The kidney toxicity of cyclosporine has been very well described; however, the results in this HSCT patient population are mixed. The effects of cyclosporine use on the kidney include vasoconstriction of the afferent glomerular arteriole, activation of the renin-angiotensin system, tubulo-interstitial scarring, leading ultimately to a decrease in eGFR (36). Although early studies have pointed at CNIs as a risk factor for AKI after HSCT, more recent studies have failed to find a strong association (11, 12, 30). We observed a demonstrable increase in the risk of AKI of any stage with increased levels of cyclosporine. The risk of severe AKI was also increased with higher levels of cyclosporine, but after adjusting for other factors, the association, while still positive, was closer to the null of no association. Gutgarts and colleagues observed an association in the same direction and suggested a reduction of cyclosporine target level in CBT recipients (21).

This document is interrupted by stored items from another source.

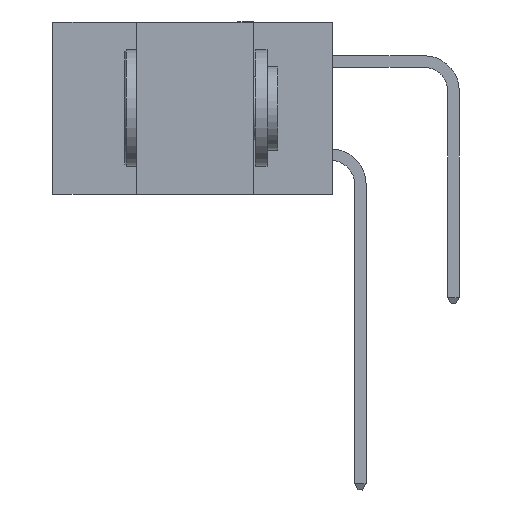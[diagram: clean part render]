
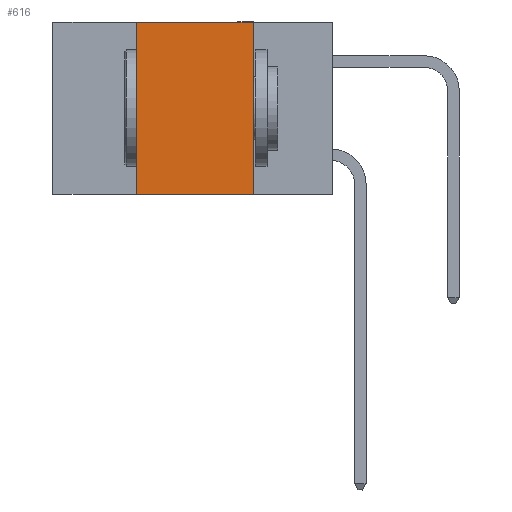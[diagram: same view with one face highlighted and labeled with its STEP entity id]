
A CAD part, left-side view. The second image highlights one B-rep face of the part: STEP entity #616.
In plain terms, the highlighted planar face has unit normal (-1, 0, 0).
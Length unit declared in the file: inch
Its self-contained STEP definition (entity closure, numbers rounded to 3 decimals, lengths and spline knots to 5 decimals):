
#215 = LINE ( 'NONE', #7712, #11497 ) ;
#616 = ADVANCED_FACE ( 'NONE', ( #6278 ), #11743, .F. ) ;
#888 = CARTESIAN_POINT ( 'NONE',  ( 0., 0.42, 0. ) ) ;
#3057 = DIRECTION ( 'NONE',  ( 1., 0., 0. ) ) ;
#3389 = EDGE_CURVE ( 'NONE', #5440, #13023, #215, .T. ) ;
#3419 = EDGE_CURVE ( 'NONE', #13023, #10499, #7111, .T. ) ;
#3678 = VECTOR ( 'NONE', #14238, 39.37008 ) ;
#4572 = CARTESIAN_POINT ( 'NONE',  ( 0., 0.17, 0. ) ) ;
#5120 = EDGE_CURVE ( 'NONE', #10098, #5440, #16246, .T. ) ;
#5440 = VERTEX_POINT ( 'NONE', #5595 ) ;
#5595 = CARTESIAN_POINT ( 'NONE',  ( 0., 0.42, 0. ) ) ;
#6278 = FACE_OUTER_BOUND ( 'NONE', #6980, .T. ) ;
#6980 = EDGE_LOOP ( 'NONE', ( #18986, #9196, #16097, #10618 ) ) ;
#7111 = LINE ( 'NONE', #4572, #3678 ) ;
#7168 = DIRECTION ( 'NONE',  ( 0., 0., 1. ) ) ;
#7517 = LINE ( 'NONE', #12026, #18300 ) ;
#7712 = CARTESIAN_POINT ( 'NONE',  ( 0., 0.6, 0. ) ) ;
#8504 = DIRECTION ( 'NONE',  ( 0., -1., 0. ) ) ;
#9196 = ORIENTED_EDGE ( 'NONE', *, *, #3389, .F. ) ;
#10098 = VERTEX_POINT ( 'NONE', #12993 ) ;
#10499 = VERTEX_POINT ( 'NONE', #10946 ) ;
#10618 = ORIENTED_EDGE ( 'NONE', *, *, #18270, .T. ) ;
#10946 = CARTESIAN_POINT ( 'NONE',  ( 0., 0.17, -0.37 ) ) ;
#11408 = CARTESIAN_POINT ( 'NONE',  ( 0., 0.6, 0. ) ) ;
#11497 = VECTOR ( 'NONE', #8504, 39.37008 ) ;
#11565 = DIRECTION ( 'NONE',  ( 0., 0., -1. ) ) ;
#11743 = PLANE ( 'NONE',  #16605 ) ;
#12026 = CARTESIAN_POINT ( 'NONE',  ( 0., 0.6, -0.37 ) ) ;
#12993 = CARTESIAN_POINT ( 'NONE',  ( 0., 0.42, -0.37 ) ) ;
#13023 = VERTEX_POINT ( 'NONE', #16213 ) ;
#13519 = DIRECTION ( 'NONE',  ( 0., -1., 0. ) ) ;
#14238 = DIRECTION ( 'NONE',  ( 0., 0., -1. ) ) ;
#15798 = VECTOR ( 'NONE', #7168, 39.37008 ) ;
#16097 = ORIENTED_EDGE ( 'NONE', *, *, #5120, .F. ) ;
#16213 = CARTESIAN_POINT ( 'NONE',  ( 0., 0.17, 0. ) ) ;
#16246 = LINE ( 'NONE', #888, #15798 ) ;
#16605 = AXIS2_PLACEMENT_3D ( 'NONE', #11408, #3057, #11565 ) ;
#18270 = EDGE_CURVE ( 'NONE', #10098, #10499, #7517, .T. ) ;
#18300 = VECTOR ( 'NONE', #13519, 39.37008 ) ;
#18986 = ORIENTED_EDGE ( 'NONE', *, *, #3419, .F. ) ;

In our analysis the intensity of the conditioning regimen did not show a demonstrable association with AKI, and the direction of association was different for AKI of any stage compared to severe AKI. Although historically MAC was reported to be associated with a higher incidence of AKI (6, 37, 38), these studies included stem cell sources other than CB. In Gurgarts’ study, no patients received NAC conditioning and therefore no conclusion could be derived for this subset of patients (21). Notably, a more recent study from the same group (14) identified a higher incidence of AKI among patients receiving NAC conditioning regimens with donor sources other than CB. However, more studies are needed to clarify the association between the type of conditioning regimen and the development of AKI in patients undergoing CBT.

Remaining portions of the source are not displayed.